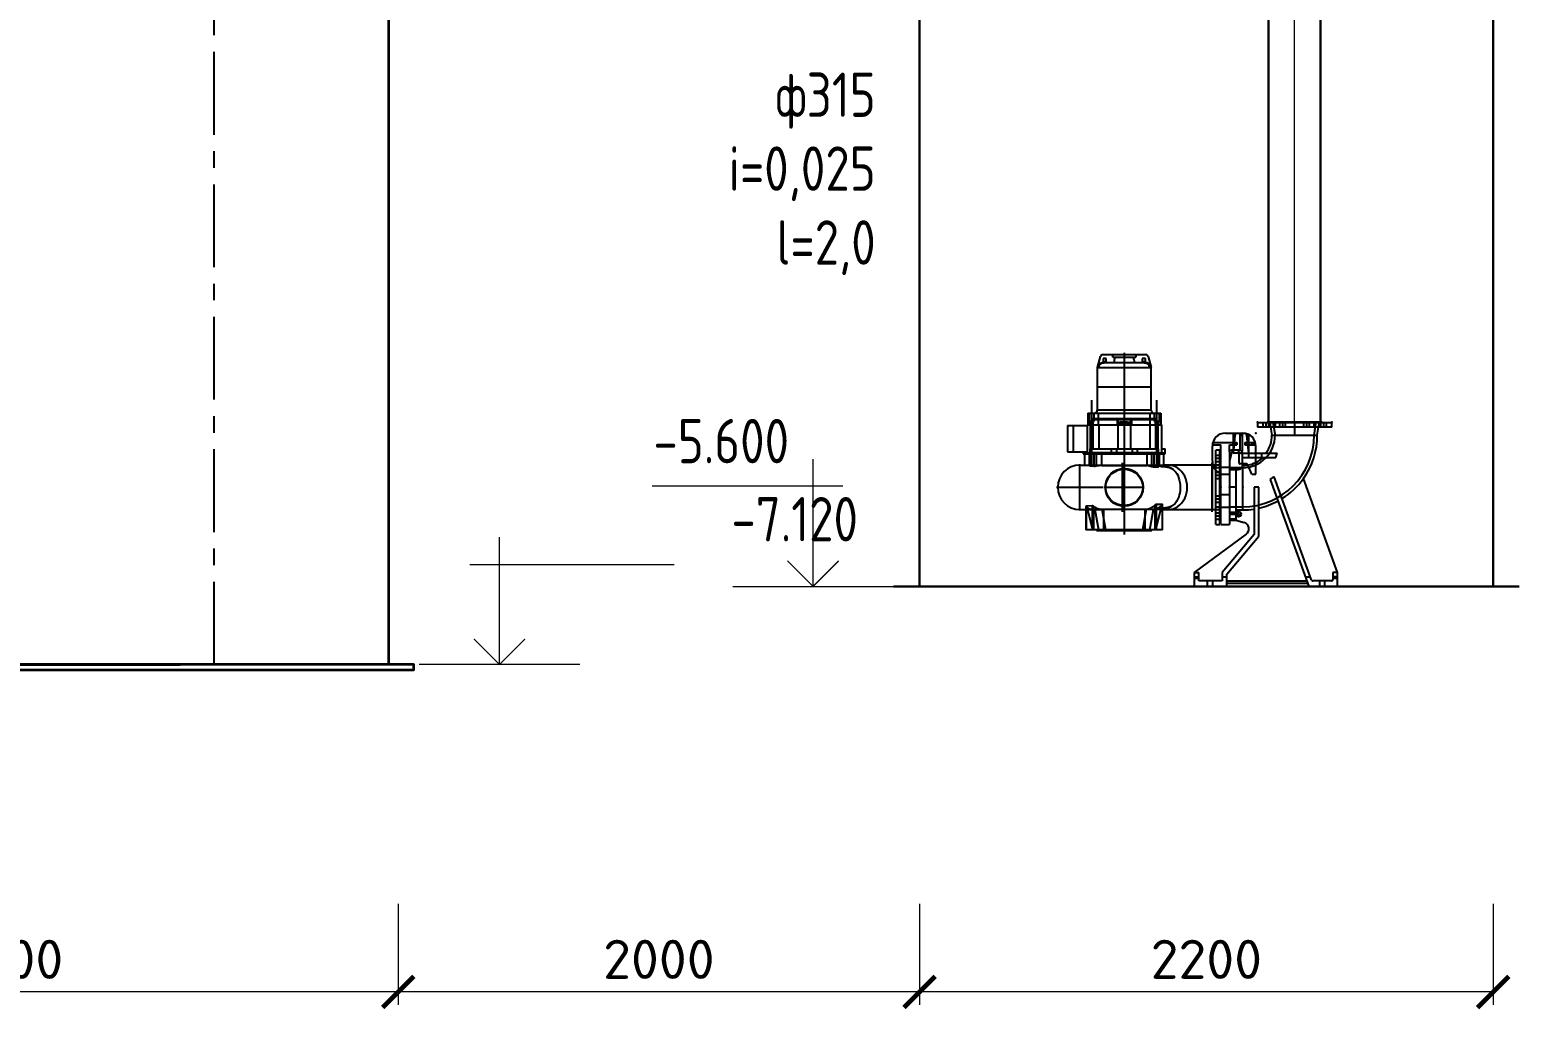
# Model space of a CAD drawing. Header units: millimetres. Extents: x 20530103 to 31271019, y 32092698 to 33532929.
# Drawn here: x 26694324 to 26700037, y 33067733 to 33071489 of the extents above; entities that cross this region are included whole.
import ezdxf

# ---------------------------------------------------------------- set-up
doc = ezdxf.new("R2010")
doc.units = ezdxf.units.MM
doc.linetypes.add('осевая', pattern=[50.8, 31.75, -6.35, 6.35, -6.35])
doc.layers.add('эколайн', color=7, linetype='Continuous', lineweight=30)
doc.styles.add('ARTEM Arial', font='simplex.shx')
doc.styles.add('GOST 2.304', font='GOST.TTF')
doc.dimstyles.new('ARTEM', dxfattribs={"dimtxt": 70, "dimasz": 50, "dimexe": 35, "dimexo": 15, "dimgap": 10, "dimtad": 1, "dimdec": 0, "dimtxsty": 'ARTEM Arial', "dimcen": 2.5, "dimclrd": 7, "dimclre": 7, "dimclrt": 7, "dimadec": 0, "dimazin": 0, "dimtfac": 1, "dimtdec": 0, "dimtmove": 0, "dimatfit": 3, "dimfxl": 1, "dimlwd": 15, "dimlwe": 15, "dimarcsym": 0})

# ---------------------------------------------------------------- blocks, each defined once
blk = doc.blocks.new('_ArchTick')
at = {"color": 0, "linetype": 'ByBlock', "const_width": 0.15}
blk.add_lwpolyline([(-0.5, -0.5), (0.5, 0.5)], dxfattribs=at)
blk = doc.blocks.new('*D188')
at = {"color": 7, "lineweight": 15, "transparency": 16777216}
for p, q in [((26692737.2, 33068136.3), (26692737.2, 33067749)), ((26695737.2, 33068136.3), (26695737.2, 33067749)), ((26695737.2, 33067799), (26692737.2, 33067799))]:
    blk.add_line(p, q, dxfattribs=at)
at = {"color": 7, "lineweight": 15, "transparency": 16777216, "xscale": 120, "yscale": 120, "zscale": 120, "rotation": 180}
blk.add_blockref('_ArchTick', (26692737.2, 33067799), dxfattribs=at)
at = {"color": 7, "lineweight": 15, "transparency": 16777216, "xscale": 120, "yscale": 120, "zscale": 120}
blk.add_blockref('_ArchTick', (26695737.2, 33067799), dxfattribs=at)
at = {"color": 7, "lineweight": 20, "transparency": 16777216, "insert": (26694237.2, 33067924), "char_height": 150, "attachment_point": 5, "style": 'ARTEM Arial'}
blk.add_mtext('3200', dxfattribs=at)
blk = doc.blocks.new('*D191')
at = {"color": 7, "lineweight": 15, "transparency": 16777216}
for p, q in [((26699937.2, 33068136.3), (26699937.2, 33067749)), ((26697737.2, 33068121.3), (26697737.2, 33067749)), ((26699937.2, 33067799), (26697737.2, 33067799))]:
    blk.add_line(p, q, dxfattribs=at)
at = {"color": 7, "lineweight": 15, "transparency": 16777216, "xscale": 120, "yscale": 120, "zscale": 120, "rotation": 180}
blk.add_blockref('_ArchTick', (26697737.2, 33067799), dxfattribs=at)
at = {"color": 7, "lineweight": 15, "transparency": 16777216, "xscale": 120, "yscale": 120, "zscale": 120}
blk.add_blockref('_ArchTick', (26699937.2, 33067799), dxfattribs=at)
at = {"color": 7, "lineweight": 20, "transparency": 16777216, "insert": (26698837.2, 33067924), "char_height": 150, "attachment_point": 5, "style": 'ARTEM Arial'}
blk.add_mtext('2200', dxfattribs=at)
blk = doc.blocks.new('*D192')
at = {"color": 7, "lineweight": 15, "transparency": 16777216}
for p, q in [((26697737.2, 33068136.3), (26697737.2, 33067749)), ((26695737.2, 33068121.3), (26695737.2, 33067749)), ((26697737.2, 33067799), (26695737.2, 33067799))]:
    blk.add_line(p, q, dxfattribs=at)
at = {"color": 7, "lineweight": 15, "transparency": 16777216, "xscale": 120, "yscale": 120, "zscale": 120, "rotation": 180}
blk.add_blockref('_ArchTick', (26695737.2, 33067799), dxfattribs=at)
at = {"color": 7, "lineweight": 15, "transparency": 16777216, "xscale": 120, "yscale": 120, "zscale": 120}
blk.add_blockref('_ArchTick', (26697737.2, 33067799), dxfattribs=at)
at = {"color": 7, "lineweight": 20, "transparency": 16777216, "insert": (26696737.2, 33067924), "char_height": 150, "attachment_point": 5, "style": 'ARTEM Arial'}
blk.add_mtext('2000', dxfattribs=at)

msp = doc.modelspace()

# ---------------------------------------------------------------- linework, layer by layer
at = {"color": 1, "linetype": 'осевая', "lineweight": 25, "ltscale": 10}
msp.add_line((26695031.1065, 33069054.7504), (26695031.1233, 33075245.3227), dxfattribs=at)
at = {"lineweight": 30, "ltscale": 10}
for p, q in [((26697737.2372, 33075204.201), (26697737.2372, 33069354.201)), ((26699937.2372, 33069354.201), (26699937.2372, 33075204.201)), ((26697637.2372, 33069354.201), (26700037.2372, 33069354.201))]:
    msp.add_line(p, q, dxfattribs=at)
at = {"lineweight": 35}
for p, q in [((26695701.5271, 33069054.7509), (26695702.0601, 33074745.9122)), ((26693401.3822, 33069054.7637), (26694901.3822, 33069054.7637))]:
    msp.add_line(p, q, dxfattribs=at)
at = {"lineweight": 20}
msp.add_line((26699175.6519, 33069984.201), (26699175.6519, 33073636.2491), dxfattribs=at)
at = {"lineweight": 30}
for p, q in [((26699075.6519, 33069984.201), (26699075.6519, 33072350.537)), ((26699275.6519, 33069984.201), (26699275.6519, 33072350.537))]:
    msp.add_line(p, q, dxfattribs=at)
for p, q in [((26698522.1519, 33070249.401), (26698522.1519, 33069553.276)), ((26698418.8519, 33070194.3715), (26698418.8519, 33070119.201)), ((26698418.8519, 33070194.3715), (26698419.4211, 33070194.3715)), ((26698419.4211, 33070194.3715), (26698430.5189, 33070235.7892)), ((26698423.6131, 33070194.3715), (26698423.6131, 33070210.0166)), ((26698423.6131, 33070194.3715), (26698620.6907, 33070194.3715)), ((26698439.3519, 33070212.201), (26698445.3741, 33070212.201)), ((26698440.1782, 33070243.201), (26698604.1257, 33070243.201)), ((26698441.1519, 33070228.201), (26698441.1519, 33070216.201)), ((26698453.1519, 33070228.201), (26698441.1519, 33070228.201)), ((26698441.1519, 33070216.201), (26698453.1519, 33070216.201)), ((26698598.9298, 33070212.201), (26698445.3741, 33070212.201)), ((26698453.1519, 33070216.201), (26698453.1519, 33070228.201)), ((26698478.1519, 33070233.201), (26698478.1519, 33070243.201)), ((26698478.1519, 33070233.201), (26698489.9232, 33070233.201)), ((26698483.1519, 33070218.201), (26698483.1519, 33070212.201)), ((26698489.9232, 33070233.201), (26698554.3807, 33070233.201)), ((26698554.3807, 33070233.201), (26698566.1519, 33070233.201)), ((26698561.1519, 33070212.201), (26698561.1519, 33070218.201)), ((26698566.1519, 33070243.201), (26698566.1519, 33070233.201)), ((26698603.1519, 33070228.201), (26698591.1519, 33070228.201)), ((26698591.1519, 33070228.201), (26698591.1519, 33070216.201)), ((26698591.1519, 33070216.201), (26698603.1519, 33070216.201)), ((26698598.9298, 33070212.201), (26698604.9519, 33070212.201)), ((26698603.1519, 33070216.201), (26698603.1519, 33070228.201)), ((26698613.7849, 33070235.7892), (26698624.8828, 33070194.3715)), ((26698620.6907, 33070210.0166), (26698620.6907, 33070194.3715)), ((26698624.8828, 33070194.3715), (26698625.4519, 33070194.3715)), ((26698625.4519, 33070119.201), (26698625.4519, 33070194.3715)), ((26698418.6519, 33070119.201), (26698418.6519, 33070029.551)), ((26698418.6519, 33070119.201), (26698625.6519, 33070119.201)), ((26698625.6519, 33070029.551), (26698625.6519, 33070119.201)), ((26698382.1519, 33070019.201), (26698382.1519, 33069974.201)), ((26698382.1519, 33070019.201), (26698662.1519, 33070019.201)), ((26698384.6519, 33070019.201), (26698384.6519, 33069974.201)), ((26698387.4713, 33070019.201), (26698387.4713, 33069988.201)), ((26698397.4713, 33069856.601), (26698397.4713, 33070068.701)), ((26698407.4713, 33069988.201), (26698407.4713, 33070019.201)), ((26698625.6519, 33070029.551), (26698418.6519, 33070029.551)), ((26698423.8932, 33069974.201), (26698423.8932, 33070019.201)), ((26698620.4107, 33070019.201), (26698620.4107, 33069974.201)), ((26698636.8325, 33070019.201), (26698636.8325, 33069988.201)), ((26698646.8325, 33069856.601), (26698646.8325, 33070068.701)), ((26698656.8325, 33069988.201), (26698656.8325, 33070019.201)), ((26698659.6519, 33070019.201), (26698659.6519, 33069974.201)), ((26698662.1519, 33070019.201), (26698662.1519, 33069974.201)), ((26698304.1519, 33069971.201), (26698304.1519, 33069870.201)), ((26698304.1519, 33069971.201), (26698379.6519, 33069971.201)), ((26698325.9519, 33069971.201), (26698325.9519, 33069870.201)), ((26698379.6519, 33069974.201), (26698382.1519, 33069974.201)), ((26698379.6519, 33069974.201), (26698379.6519, 33069862.201)), ((26698382.1519, 33069974.201), (26698383.09, 33069974.201)), ((26698383.09, 33069974.201), (26698661.2139, 33069974.201)), ((26698387.4713, 33069988.201), (26698407.4713, 33069988.201)), ((26698391.9713, 33069988.201), (26698391.9713, 33069974.201)), ((26698392.4713, 33069974.201), (26698392.4713, 33069971.201)), ((26698392.4713, 33069971.201), (26698402.4713, 33069971.201)), ((26698392.9106, 33069882.201), (26698392.9106, 33069971.201)), ((26698397.1519, 33069997.201), (26698397.1519, 33069974.201)), ((26698647.1519, 33069997.201), (26698397.1519, 33069997.201)), ((26698397.1519, 33069994.201), (26698397.1519, 33069974.201)), ((26698397.1519, 33069994.201), (26698647.1519, 33069994.201)), ((26698401.1319, 33069971.201), (26698401.1319, 33069882.201)), ((26698402.4713, 33069971.201), (26698402.4713, 33069974.201)), ((26698402.9713, 33069974.201), (26698402.9713, 33069988.201)), ((26698424.5055, 33069974.201), (26698424.5055, 33069882.201)), ((26698494.6519, 33069997.201), (26698494.6519, 33069977.201)), ((26698494.6519, 33069977.201), (26698549.6519, 33069977.201)), ((26698497.1519, 33069994.201), (26698497.1519, 33069882.201)), ((26698547.1519, 33069882.201), (26698547.1519, 33069994.201)), ((26698549.6519, 33069997.201), (26698549.6519, 33069977.201)), ((26698619.7983, 33069974.201), (26698619.7983, 33069882.201)), ((26698636.8325, 33069988.201), (26698656.8325, 33069988.201)), ((26698641.3325, 33069988.201), (26698641.3325, 33069974.201)), ((26698641.8325, 33069974.201), (26698641.8325, 33069882.201)), ((26698647.1519, 33069974.201), (26698647.1519, 33069997.201)), ((26698647.1519, 33069974.201), (26698647.1519, 33069994.201)), ((26698651.8325, 33069882.201), (26698651.8325, 33069974.201)), ((26698652.3325, 33069974.201), (26698652.3325, 33069988.201)), ((26698661.2139, 33069974.201), (26698662.1519, 33069974.201)), ((26698662.1519, 33069974.201), (26698664.6519, 33069974.201)), ((26698664.6519, 33069974.201), (26698664.6519, 33069862.201)), ((26699033.1519, 33069981.201), (26699033.1519, 33069965.201)), ((26699318.1519, 33069981.201), (26699033.1519, 33069981.201)), ((26699318.1519, 33069965.201), (26699033.1519, 33069965.201)), ((26699053.2864, 33069981.201), (26699053.2864, 33069965.201)), ((26699064.7864, 33069985.151), (26699064.7864, 33069964.251)), ((26699070.859, 33069984.201), (26699070.1519, 33069983.4939)), ((26699070.1519, 33069983.4939), (26699070.1519, 33069981.201)), ((26699281.1519, 33069983.4939), (26699070.1519, 33069983.4939)), ((26699280.4448, 33069984.201), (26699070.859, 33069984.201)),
________________________________________
Work task:
For the listing above, print only the lines starting at the line containing "doc.styles.add('ARTEM Arial', font='simplex.shx')" and ending at the line containing "doc.styles.add('GOST 2.304', font='GOST.TTF')", exactly, both included.

Result:
doc.styles.add('ARTEM Arial', font='simplex.shx')
doc.styles.add('GOST 2.304', font='GOST.TTF')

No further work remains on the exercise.